> _WHAT TO WORK ON_:
Count every line in the entries that contains "against". Report that count alone.

PROVIDED RECORDS START

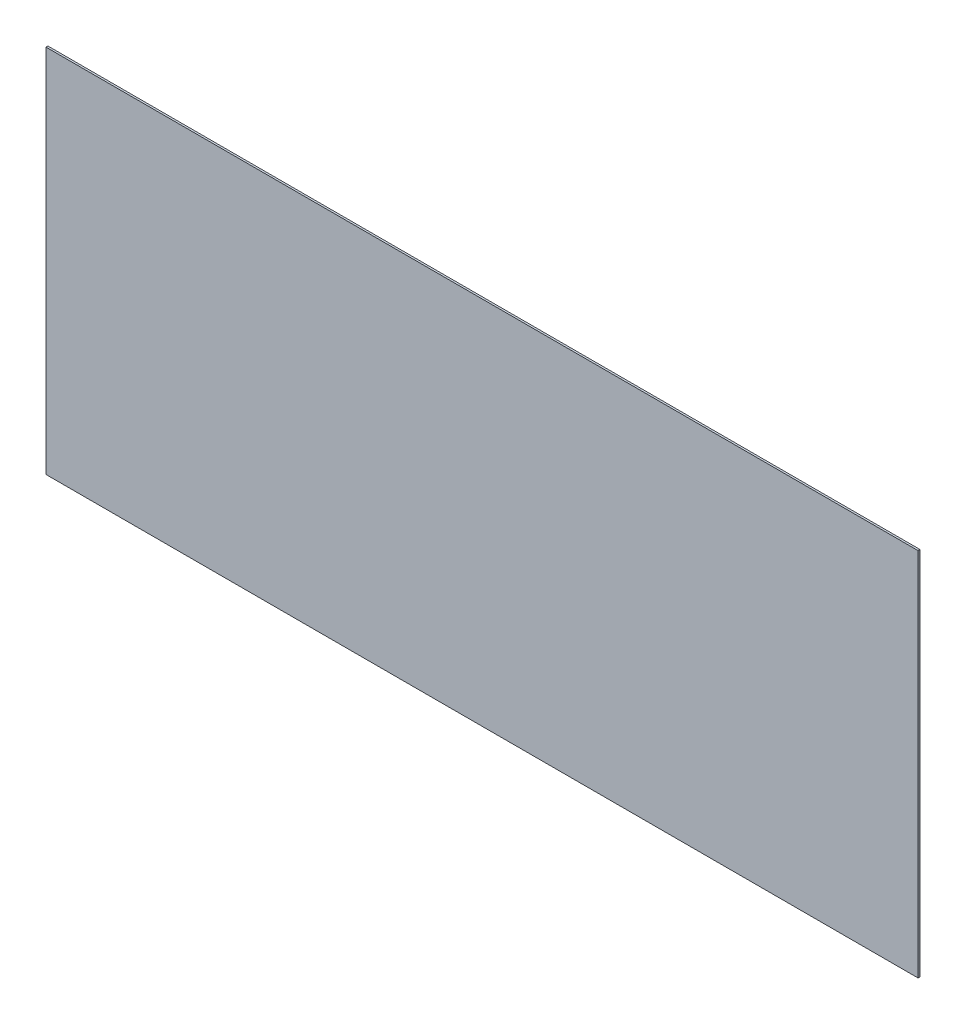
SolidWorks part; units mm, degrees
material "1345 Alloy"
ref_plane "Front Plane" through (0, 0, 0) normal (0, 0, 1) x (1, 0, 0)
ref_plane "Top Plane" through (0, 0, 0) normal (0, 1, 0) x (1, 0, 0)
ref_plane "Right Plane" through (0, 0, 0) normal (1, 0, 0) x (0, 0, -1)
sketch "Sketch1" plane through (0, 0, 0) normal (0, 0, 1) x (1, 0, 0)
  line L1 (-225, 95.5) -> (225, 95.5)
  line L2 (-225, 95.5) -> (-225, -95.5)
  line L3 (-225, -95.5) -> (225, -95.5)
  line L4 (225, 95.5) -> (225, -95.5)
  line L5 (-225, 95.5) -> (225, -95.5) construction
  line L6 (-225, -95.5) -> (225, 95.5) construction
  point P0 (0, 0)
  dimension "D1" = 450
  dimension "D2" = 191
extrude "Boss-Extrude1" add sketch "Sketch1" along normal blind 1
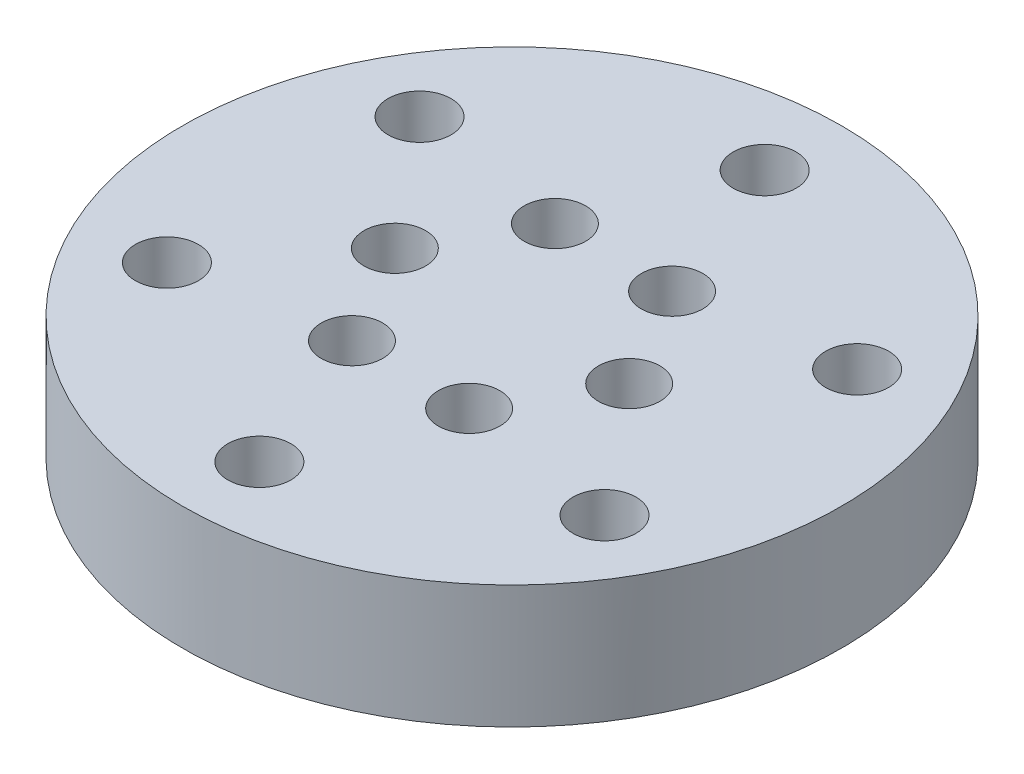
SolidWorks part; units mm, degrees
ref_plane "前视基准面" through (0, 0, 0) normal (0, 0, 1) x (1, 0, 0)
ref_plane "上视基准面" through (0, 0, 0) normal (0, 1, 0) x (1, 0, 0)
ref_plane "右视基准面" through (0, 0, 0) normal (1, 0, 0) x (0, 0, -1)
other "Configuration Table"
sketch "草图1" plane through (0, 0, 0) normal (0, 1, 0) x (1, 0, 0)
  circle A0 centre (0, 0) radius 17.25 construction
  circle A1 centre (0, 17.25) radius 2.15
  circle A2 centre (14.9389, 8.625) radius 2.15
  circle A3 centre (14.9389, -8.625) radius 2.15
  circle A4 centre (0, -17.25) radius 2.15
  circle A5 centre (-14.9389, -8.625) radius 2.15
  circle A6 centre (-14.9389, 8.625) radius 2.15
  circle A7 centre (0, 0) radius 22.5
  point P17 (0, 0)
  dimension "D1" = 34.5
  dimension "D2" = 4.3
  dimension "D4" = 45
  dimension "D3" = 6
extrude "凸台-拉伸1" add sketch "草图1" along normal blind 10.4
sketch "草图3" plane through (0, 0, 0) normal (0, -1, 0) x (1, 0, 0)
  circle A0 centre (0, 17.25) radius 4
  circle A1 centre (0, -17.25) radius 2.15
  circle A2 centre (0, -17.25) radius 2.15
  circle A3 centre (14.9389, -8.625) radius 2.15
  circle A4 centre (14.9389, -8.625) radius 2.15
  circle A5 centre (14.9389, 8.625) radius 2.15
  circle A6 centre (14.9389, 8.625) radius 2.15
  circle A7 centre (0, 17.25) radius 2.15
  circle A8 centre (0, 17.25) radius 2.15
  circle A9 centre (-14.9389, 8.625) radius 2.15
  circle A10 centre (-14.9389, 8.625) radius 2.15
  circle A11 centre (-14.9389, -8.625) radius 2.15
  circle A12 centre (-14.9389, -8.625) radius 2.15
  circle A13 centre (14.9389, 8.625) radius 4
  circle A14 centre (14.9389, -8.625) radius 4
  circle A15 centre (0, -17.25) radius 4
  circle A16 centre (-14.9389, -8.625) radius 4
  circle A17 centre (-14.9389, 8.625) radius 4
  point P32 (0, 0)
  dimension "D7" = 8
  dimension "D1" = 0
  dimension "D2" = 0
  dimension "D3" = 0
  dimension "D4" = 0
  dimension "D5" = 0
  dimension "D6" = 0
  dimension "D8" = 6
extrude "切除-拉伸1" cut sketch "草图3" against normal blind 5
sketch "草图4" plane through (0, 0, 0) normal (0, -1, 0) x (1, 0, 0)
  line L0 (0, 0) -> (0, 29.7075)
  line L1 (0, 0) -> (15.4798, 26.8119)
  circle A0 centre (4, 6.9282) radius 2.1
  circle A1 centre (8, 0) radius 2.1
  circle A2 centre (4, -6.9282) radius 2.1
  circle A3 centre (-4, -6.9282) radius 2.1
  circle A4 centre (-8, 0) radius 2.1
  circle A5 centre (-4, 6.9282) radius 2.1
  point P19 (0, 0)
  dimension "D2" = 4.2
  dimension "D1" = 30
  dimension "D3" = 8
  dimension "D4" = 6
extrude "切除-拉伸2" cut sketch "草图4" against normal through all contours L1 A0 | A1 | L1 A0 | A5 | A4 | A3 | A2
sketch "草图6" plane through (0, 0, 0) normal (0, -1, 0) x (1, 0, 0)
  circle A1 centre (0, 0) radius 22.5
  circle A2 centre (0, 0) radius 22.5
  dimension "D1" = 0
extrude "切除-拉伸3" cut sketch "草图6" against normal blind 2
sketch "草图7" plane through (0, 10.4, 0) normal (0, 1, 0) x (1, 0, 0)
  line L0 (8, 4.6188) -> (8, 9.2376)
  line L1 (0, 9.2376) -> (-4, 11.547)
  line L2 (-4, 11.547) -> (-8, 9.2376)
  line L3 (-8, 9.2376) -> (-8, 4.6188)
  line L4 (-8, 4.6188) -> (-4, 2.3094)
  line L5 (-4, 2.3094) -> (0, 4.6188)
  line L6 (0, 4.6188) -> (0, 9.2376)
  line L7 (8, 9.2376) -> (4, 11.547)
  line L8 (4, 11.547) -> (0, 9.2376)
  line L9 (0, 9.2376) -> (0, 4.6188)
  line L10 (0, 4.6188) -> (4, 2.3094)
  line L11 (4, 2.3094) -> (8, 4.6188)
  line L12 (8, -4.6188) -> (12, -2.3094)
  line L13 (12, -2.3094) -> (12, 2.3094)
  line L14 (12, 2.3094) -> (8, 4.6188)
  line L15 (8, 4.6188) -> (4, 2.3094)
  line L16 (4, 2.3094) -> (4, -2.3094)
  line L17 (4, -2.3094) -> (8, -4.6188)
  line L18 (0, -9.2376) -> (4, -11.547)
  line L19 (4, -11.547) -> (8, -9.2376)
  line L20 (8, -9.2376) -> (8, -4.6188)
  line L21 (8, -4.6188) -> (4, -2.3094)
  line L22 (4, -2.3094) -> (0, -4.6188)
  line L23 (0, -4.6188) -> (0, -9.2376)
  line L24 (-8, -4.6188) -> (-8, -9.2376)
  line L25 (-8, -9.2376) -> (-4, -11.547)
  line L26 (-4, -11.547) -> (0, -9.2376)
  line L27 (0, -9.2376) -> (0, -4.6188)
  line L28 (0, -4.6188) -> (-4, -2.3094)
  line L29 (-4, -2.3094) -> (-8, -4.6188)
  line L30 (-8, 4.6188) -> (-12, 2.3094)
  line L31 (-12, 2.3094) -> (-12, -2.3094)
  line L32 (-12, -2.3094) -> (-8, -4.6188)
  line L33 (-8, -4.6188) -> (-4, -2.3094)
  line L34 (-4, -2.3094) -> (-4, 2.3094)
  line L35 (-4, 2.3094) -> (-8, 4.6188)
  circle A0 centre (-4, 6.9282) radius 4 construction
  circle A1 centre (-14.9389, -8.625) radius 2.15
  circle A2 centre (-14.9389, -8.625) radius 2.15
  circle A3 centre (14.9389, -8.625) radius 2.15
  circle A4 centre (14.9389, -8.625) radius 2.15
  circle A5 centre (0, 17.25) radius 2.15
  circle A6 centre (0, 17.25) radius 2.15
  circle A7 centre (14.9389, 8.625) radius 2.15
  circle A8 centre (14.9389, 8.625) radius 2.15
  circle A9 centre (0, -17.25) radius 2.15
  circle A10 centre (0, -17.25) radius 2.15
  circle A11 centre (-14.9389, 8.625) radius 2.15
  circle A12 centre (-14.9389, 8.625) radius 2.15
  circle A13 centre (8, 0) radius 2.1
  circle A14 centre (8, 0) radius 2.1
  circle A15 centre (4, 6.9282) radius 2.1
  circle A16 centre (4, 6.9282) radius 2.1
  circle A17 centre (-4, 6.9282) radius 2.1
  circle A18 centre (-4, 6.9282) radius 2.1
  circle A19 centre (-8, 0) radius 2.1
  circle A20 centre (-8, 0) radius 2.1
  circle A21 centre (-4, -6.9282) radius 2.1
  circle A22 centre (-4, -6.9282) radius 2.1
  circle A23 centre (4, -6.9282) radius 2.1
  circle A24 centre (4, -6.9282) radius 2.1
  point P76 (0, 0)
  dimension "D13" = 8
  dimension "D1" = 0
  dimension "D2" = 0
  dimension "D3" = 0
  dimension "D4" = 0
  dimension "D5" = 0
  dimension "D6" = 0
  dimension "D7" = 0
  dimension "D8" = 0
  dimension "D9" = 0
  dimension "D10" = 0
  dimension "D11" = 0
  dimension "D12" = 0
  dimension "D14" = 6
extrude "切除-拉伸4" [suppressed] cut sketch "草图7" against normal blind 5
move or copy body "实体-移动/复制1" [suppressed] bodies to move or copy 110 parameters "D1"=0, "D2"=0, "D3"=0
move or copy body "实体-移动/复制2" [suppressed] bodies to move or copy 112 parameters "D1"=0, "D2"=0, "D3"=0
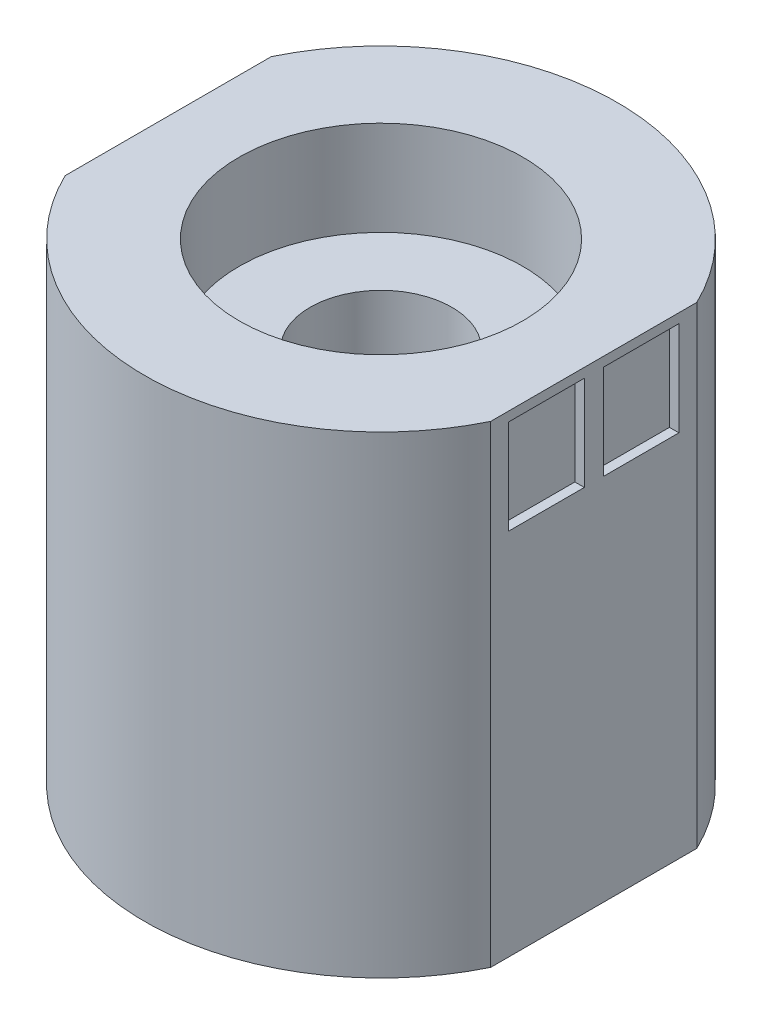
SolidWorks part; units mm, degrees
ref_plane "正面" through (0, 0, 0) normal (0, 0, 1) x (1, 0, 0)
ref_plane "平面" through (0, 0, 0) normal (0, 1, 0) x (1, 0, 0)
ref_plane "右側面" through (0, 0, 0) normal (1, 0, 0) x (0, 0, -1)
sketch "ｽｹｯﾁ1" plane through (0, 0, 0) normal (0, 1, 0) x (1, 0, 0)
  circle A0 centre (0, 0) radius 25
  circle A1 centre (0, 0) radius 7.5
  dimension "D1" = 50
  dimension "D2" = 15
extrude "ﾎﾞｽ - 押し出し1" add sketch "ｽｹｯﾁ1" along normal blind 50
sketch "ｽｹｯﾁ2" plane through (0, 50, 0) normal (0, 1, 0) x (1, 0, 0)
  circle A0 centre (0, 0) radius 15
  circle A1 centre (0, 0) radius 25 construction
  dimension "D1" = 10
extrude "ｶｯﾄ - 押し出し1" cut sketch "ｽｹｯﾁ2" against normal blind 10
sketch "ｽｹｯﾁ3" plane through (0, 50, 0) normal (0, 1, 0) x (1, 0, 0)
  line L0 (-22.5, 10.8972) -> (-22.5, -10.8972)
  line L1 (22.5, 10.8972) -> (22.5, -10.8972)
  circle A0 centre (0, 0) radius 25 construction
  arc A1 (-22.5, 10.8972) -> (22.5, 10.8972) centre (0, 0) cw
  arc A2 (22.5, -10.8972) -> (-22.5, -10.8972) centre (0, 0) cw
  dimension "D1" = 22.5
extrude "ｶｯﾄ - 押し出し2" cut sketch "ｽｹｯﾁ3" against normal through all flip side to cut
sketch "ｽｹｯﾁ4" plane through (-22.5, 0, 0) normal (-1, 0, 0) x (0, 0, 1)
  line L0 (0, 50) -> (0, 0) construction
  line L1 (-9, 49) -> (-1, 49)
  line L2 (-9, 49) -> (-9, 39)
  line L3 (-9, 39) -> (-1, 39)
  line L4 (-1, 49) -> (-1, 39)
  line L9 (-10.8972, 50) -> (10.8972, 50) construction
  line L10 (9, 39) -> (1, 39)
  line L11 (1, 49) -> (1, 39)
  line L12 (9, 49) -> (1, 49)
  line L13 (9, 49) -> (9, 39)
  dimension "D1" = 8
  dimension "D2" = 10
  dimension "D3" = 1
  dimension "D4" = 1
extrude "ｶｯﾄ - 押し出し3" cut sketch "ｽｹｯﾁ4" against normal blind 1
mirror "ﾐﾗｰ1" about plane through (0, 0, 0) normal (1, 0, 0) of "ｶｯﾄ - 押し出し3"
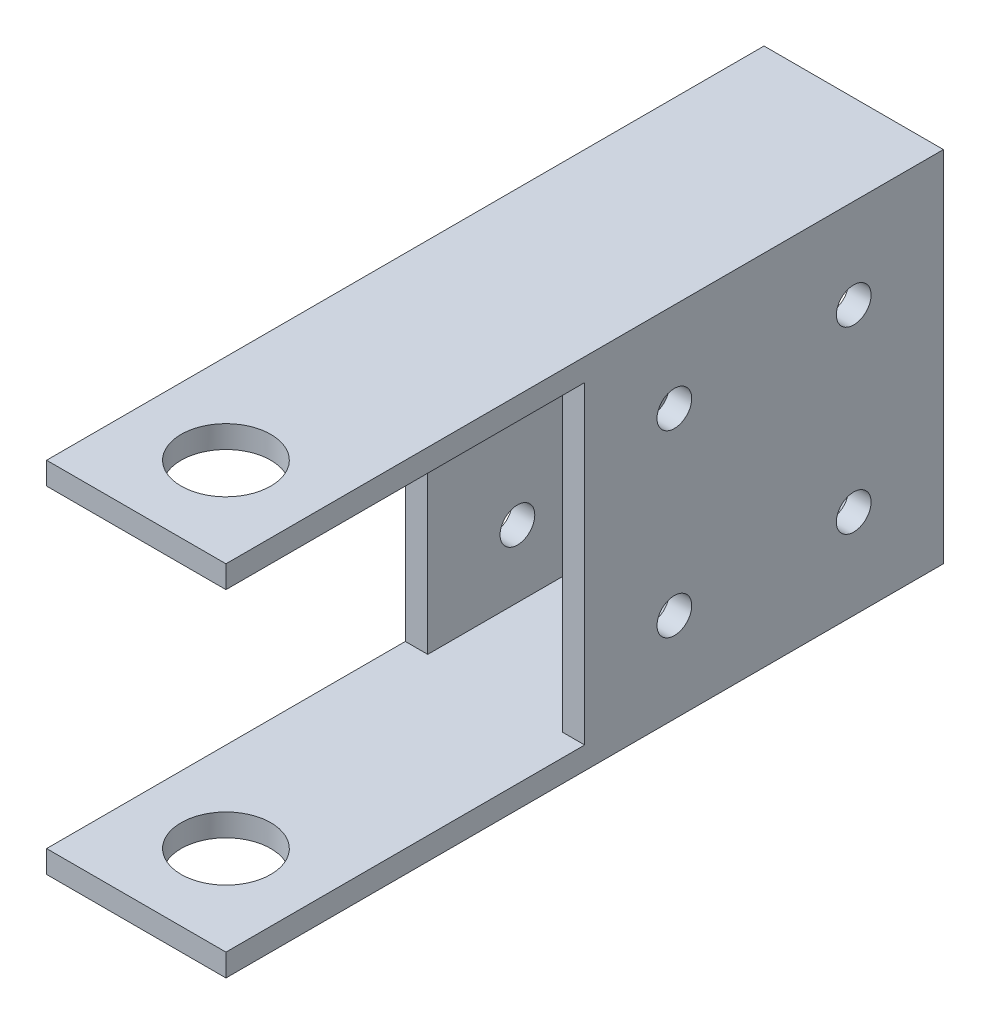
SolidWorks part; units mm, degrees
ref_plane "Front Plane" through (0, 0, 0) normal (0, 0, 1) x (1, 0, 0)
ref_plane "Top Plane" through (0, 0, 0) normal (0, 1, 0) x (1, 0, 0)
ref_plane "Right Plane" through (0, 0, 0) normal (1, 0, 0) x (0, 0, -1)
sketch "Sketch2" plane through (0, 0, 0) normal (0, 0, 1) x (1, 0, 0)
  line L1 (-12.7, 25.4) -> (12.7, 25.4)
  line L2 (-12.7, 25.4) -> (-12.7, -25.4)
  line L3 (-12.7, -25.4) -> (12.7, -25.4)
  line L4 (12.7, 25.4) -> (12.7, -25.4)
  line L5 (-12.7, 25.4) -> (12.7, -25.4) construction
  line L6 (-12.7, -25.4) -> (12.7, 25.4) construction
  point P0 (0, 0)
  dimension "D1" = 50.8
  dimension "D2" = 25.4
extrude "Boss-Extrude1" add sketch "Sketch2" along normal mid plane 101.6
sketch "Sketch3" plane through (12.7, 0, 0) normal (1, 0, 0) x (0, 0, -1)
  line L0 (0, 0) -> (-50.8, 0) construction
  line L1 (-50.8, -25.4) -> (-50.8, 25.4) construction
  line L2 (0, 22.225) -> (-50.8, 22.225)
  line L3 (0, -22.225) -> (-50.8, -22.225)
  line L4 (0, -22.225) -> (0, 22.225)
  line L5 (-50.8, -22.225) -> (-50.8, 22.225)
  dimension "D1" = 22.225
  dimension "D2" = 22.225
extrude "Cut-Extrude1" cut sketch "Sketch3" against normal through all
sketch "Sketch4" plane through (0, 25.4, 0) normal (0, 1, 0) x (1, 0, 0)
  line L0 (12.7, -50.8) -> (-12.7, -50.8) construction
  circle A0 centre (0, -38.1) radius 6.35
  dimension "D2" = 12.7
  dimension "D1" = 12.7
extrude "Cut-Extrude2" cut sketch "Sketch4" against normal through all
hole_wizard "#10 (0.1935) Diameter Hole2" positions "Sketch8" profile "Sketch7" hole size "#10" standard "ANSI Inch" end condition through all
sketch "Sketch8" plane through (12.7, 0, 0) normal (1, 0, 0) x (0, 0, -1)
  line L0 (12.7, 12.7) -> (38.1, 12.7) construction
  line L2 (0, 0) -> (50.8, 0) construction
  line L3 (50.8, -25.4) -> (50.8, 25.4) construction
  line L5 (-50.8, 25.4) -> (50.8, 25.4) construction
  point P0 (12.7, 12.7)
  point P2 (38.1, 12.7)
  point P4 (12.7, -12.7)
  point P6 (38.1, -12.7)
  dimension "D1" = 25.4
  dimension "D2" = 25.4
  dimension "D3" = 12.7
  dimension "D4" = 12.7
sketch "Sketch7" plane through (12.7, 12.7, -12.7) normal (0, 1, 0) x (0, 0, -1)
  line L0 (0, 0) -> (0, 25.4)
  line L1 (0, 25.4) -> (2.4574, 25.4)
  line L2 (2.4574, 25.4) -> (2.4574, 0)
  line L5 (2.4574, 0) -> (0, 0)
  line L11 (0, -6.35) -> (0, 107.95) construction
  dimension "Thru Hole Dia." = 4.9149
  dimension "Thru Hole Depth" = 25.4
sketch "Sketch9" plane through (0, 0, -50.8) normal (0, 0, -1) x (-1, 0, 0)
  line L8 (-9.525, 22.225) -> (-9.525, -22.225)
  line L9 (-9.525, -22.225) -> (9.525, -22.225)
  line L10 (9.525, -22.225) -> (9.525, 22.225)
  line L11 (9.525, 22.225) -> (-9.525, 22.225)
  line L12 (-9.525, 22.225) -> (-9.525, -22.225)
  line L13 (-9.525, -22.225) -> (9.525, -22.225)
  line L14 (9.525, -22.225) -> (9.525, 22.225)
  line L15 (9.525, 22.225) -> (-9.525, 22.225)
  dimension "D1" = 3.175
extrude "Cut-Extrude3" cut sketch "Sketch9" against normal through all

PROVIDED RECORDS END

> _PROBLEM SOLUTION_:
10